# WHAT YOU HAVE TO DO
Every line below from the one containing "#50=DIRECTION('',(0.,-1.,0.));" through the one containing "#58=ADVANCED_FACE('F40',(#57),#23,.F.);" must be transcribed exactly. Omit all lines outside that stretch.

[SUPPLIED RECORDS]

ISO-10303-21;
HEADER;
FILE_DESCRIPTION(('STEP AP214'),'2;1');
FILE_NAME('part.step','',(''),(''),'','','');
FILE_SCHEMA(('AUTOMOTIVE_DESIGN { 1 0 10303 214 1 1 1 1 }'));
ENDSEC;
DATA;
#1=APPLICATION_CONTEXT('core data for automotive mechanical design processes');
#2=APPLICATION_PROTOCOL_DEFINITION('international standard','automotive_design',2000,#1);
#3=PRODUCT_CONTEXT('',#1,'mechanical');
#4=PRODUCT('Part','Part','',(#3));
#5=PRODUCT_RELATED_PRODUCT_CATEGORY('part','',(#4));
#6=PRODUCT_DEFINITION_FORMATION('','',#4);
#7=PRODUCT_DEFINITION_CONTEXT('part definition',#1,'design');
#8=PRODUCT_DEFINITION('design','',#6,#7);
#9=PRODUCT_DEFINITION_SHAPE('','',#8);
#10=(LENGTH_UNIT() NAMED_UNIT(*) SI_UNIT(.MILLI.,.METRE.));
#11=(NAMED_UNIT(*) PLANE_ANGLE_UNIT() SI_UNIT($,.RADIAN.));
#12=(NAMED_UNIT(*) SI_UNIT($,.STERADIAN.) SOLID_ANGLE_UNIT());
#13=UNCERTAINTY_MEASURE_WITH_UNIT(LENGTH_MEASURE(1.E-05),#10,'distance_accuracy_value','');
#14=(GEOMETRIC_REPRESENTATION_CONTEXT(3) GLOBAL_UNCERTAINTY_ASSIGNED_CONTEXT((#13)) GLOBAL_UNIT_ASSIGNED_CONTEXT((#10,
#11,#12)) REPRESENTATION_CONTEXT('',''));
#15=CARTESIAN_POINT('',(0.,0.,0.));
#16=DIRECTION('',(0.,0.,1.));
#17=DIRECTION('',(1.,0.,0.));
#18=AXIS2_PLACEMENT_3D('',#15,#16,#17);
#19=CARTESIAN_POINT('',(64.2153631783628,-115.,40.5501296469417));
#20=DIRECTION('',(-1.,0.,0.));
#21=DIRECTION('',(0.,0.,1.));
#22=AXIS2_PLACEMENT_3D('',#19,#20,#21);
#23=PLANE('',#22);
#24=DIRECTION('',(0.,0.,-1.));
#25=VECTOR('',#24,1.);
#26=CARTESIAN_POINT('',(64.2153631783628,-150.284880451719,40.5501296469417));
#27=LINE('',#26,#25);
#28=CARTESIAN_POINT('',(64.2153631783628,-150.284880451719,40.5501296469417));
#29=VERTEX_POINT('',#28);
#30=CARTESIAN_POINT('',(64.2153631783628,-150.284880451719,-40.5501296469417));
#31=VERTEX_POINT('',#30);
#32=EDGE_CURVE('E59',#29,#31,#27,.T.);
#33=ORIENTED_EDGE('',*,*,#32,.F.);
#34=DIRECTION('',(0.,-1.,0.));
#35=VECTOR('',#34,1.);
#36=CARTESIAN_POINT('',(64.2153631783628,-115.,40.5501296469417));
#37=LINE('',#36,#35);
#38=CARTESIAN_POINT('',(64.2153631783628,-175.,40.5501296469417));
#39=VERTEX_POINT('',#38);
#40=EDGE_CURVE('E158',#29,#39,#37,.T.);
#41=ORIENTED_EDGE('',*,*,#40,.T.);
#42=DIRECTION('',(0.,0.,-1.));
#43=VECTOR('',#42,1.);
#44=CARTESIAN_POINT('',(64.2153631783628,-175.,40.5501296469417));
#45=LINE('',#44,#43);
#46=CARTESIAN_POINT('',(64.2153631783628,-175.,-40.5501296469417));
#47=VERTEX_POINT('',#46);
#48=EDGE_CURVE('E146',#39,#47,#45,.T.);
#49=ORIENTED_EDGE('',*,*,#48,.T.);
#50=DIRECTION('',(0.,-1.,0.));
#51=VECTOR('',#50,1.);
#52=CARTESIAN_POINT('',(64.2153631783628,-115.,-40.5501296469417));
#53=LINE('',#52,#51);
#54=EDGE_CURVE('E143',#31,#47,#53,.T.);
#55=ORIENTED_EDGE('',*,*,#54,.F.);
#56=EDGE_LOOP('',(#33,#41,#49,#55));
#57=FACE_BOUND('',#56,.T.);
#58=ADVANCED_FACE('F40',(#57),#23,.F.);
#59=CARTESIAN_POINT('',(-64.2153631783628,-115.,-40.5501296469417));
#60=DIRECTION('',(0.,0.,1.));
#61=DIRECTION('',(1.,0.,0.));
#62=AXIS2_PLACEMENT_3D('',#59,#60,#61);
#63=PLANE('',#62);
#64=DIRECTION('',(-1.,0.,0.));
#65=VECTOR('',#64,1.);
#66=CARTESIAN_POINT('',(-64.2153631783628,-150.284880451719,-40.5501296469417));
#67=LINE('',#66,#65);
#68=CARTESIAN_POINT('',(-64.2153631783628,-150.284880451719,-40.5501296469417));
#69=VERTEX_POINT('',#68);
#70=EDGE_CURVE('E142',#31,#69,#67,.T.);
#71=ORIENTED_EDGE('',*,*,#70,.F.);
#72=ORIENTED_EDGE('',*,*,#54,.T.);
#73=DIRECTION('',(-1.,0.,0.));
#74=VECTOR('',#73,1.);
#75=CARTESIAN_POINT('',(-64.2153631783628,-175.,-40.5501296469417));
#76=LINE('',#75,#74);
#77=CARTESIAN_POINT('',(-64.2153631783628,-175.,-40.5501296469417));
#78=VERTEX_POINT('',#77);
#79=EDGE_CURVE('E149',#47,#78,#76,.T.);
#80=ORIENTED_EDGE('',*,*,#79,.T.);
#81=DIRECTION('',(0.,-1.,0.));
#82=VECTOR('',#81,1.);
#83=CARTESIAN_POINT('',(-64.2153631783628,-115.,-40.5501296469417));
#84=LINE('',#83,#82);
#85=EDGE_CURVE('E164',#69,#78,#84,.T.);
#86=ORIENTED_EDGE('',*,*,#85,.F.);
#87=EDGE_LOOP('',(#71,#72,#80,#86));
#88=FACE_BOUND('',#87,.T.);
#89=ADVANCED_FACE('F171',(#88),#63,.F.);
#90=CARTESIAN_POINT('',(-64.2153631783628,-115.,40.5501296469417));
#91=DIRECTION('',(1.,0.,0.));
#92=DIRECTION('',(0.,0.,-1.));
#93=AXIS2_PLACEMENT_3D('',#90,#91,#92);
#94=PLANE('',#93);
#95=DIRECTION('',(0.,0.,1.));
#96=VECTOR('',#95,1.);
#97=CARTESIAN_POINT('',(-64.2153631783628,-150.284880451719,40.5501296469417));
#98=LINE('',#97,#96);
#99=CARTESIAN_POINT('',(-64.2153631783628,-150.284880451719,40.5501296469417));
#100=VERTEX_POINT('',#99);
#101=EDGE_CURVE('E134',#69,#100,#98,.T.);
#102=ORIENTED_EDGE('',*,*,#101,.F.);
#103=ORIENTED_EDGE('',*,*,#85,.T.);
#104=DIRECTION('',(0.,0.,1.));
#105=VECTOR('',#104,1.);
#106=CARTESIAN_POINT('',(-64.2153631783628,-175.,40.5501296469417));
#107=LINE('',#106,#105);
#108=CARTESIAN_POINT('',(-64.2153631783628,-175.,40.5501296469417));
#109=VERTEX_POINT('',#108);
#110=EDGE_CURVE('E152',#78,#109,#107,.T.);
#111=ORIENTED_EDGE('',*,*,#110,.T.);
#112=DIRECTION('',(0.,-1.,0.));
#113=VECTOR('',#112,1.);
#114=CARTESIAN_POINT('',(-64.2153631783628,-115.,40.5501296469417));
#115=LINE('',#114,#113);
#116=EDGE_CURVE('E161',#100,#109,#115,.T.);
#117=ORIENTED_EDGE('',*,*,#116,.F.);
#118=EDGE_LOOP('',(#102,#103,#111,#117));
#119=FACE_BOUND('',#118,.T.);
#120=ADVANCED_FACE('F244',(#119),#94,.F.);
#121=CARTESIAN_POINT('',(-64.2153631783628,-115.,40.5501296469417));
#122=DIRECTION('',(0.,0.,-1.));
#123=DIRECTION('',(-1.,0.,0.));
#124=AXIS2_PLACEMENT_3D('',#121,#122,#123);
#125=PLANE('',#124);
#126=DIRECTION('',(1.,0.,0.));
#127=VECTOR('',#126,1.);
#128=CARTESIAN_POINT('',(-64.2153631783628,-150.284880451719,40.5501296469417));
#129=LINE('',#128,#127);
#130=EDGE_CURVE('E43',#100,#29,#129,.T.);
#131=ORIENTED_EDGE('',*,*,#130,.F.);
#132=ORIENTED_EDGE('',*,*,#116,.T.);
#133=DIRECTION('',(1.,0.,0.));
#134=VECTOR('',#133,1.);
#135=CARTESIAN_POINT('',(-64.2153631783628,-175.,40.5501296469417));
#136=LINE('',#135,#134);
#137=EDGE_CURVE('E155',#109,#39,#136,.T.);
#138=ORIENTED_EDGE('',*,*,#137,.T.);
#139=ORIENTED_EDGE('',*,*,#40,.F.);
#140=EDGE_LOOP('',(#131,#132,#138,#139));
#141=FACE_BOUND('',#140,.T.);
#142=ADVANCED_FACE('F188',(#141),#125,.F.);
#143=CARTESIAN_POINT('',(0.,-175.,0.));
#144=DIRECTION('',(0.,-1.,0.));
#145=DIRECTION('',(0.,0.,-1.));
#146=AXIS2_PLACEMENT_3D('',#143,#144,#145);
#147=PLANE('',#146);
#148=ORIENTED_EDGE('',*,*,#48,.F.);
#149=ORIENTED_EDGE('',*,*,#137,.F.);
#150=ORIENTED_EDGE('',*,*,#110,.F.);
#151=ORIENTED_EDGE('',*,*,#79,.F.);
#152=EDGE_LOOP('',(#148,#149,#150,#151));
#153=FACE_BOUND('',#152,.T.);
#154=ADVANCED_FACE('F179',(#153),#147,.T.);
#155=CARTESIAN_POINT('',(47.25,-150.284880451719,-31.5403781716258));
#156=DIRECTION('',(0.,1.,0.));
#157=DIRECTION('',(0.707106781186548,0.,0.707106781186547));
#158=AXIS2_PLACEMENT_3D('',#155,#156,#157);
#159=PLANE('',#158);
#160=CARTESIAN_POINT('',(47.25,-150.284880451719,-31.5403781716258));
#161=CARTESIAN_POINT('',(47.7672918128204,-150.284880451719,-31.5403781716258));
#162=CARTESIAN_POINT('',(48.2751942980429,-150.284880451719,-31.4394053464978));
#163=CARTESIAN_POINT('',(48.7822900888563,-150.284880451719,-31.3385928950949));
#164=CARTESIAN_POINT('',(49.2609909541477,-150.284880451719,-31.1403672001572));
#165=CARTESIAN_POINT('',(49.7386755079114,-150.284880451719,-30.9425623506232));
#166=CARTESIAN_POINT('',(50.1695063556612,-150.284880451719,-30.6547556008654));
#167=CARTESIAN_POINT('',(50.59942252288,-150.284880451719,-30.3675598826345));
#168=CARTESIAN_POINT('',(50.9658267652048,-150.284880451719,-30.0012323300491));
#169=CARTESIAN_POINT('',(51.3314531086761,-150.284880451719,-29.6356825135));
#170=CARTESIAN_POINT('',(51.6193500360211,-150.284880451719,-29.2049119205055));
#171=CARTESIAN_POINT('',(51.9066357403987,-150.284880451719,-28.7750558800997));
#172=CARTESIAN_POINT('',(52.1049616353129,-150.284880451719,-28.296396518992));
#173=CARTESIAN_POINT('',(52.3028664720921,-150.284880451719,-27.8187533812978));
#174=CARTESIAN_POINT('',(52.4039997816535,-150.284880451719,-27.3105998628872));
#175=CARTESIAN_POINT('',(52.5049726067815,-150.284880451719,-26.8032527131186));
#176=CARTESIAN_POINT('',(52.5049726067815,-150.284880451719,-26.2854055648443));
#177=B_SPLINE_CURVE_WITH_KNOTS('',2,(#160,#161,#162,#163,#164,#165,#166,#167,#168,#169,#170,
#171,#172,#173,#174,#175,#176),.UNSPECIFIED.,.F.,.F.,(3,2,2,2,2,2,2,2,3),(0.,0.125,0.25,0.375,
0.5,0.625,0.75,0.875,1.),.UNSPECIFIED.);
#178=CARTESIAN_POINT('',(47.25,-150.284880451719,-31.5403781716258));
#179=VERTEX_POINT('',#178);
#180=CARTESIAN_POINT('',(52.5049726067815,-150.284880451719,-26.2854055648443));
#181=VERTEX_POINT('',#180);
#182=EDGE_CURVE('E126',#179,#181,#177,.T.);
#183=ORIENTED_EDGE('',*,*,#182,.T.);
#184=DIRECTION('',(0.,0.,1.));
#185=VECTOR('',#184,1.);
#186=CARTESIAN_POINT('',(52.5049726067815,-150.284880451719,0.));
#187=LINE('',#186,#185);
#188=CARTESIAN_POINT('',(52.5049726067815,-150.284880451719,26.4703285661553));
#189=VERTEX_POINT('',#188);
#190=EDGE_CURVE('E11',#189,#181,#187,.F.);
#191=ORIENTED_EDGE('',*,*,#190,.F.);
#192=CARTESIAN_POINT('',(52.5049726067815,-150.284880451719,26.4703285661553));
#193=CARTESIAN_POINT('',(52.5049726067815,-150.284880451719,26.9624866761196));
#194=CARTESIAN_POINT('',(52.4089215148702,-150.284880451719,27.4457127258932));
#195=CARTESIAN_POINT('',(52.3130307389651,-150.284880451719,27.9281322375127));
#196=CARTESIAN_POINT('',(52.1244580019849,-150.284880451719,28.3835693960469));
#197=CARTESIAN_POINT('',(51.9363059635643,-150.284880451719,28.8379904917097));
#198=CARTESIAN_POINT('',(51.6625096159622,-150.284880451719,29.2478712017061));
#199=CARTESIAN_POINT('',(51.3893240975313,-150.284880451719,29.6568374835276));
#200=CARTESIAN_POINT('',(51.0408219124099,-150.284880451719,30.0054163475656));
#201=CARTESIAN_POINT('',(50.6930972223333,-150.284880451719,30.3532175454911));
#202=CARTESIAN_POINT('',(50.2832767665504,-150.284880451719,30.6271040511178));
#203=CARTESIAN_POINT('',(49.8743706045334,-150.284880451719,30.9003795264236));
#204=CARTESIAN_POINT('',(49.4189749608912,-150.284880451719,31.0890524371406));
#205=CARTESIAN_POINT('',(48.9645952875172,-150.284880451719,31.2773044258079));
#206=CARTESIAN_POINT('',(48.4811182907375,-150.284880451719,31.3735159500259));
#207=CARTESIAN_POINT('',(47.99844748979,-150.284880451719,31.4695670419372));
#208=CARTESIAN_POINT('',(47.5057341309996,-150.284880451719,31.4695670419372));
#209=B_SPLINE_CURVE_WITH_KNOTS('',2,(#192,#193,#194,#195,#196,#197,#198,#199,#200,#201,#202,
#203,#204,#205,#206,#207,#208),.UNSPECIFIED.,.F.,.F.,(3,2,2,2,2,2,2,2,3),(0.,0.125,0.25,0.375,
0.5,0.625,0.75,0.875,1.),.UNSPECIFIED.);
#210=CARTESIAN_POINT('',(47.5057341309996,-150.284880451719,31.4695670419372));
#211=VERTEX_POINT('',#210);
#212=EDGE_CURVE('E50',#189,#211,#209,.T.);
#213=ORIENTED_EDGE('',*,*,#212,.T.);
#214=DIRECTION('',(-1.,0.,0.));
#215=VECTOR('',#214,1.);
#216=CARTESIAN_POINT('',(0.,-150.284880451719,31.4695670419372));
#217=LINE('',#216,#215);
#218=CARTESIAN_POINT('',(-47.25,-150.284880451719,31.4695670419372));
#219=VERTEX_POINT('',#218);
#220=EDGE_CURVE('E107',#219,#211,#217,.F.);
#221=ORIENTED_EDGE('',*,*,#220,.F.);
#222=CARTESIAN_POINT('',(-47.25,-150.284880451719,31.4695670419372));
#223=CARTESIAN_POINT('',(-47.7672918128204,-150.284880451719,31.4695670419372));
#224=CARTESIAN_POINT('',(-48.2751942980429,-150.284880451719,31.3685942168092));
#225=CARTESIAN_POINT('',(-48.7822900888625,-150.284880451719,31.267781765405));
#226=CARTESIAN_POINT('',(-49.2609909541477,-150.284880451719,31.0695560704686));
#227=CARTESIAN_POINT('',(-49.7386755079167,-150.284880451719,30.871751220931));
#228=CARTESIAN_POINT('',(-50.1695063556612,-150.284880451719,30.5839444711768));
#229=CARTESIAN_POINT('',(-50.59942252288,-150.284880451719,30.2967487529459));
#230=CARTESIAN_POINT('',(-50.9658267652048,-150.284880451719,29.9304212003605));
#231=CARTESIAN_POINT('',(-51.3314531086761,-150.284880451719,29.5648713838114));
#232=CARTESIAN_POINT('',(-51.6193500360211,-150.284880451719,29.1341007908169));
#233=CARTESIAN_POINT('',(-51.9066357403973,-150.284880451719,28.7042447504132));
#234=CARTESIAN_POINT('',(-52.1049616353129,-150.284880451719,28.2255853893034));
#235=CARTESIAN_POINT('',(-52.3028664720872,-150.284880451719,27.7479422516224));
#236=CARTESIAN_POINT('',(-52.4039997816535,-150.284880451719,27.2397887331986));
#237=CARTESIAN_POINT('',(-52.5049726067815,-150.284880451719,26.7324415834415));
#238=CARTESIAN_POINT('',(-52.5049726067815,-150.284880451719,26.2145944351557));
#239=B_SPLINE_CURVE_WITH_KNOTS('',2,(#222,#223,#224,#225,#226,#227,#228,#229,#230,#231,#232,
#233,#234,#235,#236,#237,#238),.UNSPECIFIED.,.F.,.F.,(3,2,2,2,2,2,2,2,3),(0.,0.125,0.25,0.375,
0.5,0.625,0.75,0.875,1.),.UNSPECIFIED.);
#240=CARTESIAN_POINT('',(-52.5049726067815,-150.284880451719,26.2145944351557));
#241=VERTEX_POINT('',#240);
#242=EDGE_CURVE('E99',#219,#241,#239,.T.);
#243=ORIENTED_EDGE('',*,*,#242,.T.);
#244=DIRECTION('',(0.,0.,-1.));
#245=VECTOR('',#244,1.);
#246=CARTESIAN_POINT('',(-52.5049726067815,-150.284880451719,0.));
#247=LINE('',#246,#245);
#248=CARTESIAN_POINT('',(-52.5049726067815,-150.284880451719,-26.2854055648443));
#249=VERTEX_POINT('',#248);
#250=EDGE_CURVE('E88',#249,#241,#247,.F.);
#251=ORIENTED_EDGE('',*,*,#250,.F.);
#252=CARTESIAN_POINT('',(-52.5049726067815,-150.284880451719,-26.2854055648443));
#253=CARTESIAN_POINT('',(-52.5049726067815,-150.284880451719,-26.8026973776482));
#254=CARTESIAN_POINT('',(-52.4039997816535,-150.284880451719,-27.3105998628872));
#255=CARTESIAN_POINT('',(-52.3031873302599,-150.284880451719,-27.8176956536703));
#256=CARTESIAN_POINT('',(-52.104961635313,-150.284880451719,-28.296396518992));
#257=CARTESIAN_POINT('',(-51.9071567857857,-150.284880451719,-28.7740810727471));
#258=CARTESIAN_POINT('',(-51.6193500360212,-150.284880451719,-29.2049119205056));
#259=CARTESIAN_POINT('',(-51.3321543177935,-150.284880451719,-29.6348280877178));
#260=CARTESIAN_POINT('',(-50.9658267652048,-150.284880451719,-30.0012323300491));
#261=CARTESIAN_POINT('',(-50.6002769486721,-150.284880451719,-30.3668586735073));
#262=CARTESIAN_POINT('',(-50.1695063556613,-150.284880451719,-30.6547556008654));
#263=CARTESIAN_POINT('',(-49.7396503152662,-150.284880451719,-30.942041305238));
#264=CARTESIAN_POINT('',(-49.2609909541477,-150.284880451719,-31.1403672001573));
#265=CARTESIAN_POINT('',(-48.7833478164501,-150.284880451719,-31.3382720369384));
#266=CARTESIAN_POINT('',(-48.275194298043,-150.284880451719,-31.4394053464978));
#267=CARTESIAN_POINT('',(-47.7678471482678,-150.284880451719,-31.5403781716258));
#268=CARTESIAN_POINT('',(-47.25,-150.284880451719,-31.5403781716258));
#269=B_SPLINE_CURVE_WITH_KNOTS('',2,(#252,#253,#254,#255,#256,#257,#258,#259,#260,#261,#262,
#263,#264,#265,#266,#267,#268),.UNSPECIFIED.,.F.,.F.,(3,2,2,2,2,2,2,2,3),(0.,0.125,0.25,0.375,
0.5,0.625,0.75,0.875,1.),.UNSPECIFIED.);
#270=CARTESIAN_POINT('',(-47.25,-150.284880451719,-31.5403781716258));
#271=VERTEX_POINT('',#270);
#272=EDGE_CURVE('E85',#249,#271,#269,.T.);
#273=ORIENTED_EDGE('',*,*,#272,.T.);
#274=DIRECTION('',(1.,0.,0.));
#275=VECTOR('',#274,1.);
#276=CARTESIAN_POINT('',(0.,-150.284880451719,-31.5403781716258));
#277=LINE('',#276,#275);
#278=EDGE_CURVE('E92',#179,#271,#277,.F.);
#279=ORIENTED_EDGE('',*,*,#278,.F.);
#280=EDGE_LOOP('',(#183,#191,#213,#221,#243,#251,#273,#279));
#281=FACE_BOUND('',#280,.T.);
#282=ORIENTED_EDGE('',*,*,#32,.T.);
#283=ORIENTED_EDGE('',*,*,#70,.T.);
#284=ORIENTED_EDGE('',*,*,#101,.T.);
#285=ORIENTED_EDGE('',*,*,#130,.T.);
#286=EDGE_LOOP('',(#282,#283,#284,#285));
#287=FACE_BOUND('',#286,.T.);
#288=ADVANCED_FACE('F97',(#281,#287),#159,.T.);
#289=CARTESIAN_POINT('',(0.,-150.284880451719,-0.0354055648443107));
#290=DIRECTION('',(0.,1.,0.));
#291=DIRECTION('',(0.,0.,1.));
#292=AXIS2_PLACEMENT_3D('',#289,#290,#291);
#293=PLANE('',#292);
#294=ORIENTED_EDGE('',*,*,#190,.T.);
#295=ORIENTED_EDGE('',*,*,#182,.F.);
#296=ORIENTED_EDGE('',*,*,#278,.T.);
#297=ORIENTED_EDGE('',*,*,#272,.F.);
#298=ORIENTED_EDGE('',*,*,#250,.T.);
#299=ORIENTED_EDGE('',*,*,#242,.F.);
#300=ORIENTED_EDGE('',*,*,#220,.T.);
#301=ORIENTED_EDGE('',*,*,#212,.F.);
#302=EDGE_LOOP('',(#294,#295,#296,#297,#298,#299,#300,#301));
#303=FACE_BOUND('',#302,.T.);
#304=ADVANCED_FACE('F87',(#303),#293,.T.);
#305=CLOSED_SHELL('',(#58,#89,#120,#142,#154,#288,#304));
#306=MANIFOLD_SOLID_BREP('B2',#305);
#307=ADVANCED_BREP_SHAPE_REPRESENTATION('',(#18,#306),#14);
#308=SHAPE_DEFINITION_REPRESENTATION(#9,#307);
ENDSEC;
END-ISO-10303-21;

[/SUPPLIED RECORDS]

# EXERCISE OUTPUT
#50=DIRECTION('',(0.,-1.,0.));
#51=VECTOR('',#50,1.);
#52=CARTESIAN_POINT('',(64.2153631783628,-115.,-40.5501296469417));
#53=LINE('',#52,#51);
#54=EDGE_CURVE('E143',#31,#47,#53,.T.);
#55=ORIENTED_EDGE('',*,*,#54,.F.);
#56=EDGE_LOOP('',(#33,#41,#49,#55));
#57=FACE_BOUND('',#56,.T.);
#58=ADVANCED_FACE('F40',(#57),#23,.F.);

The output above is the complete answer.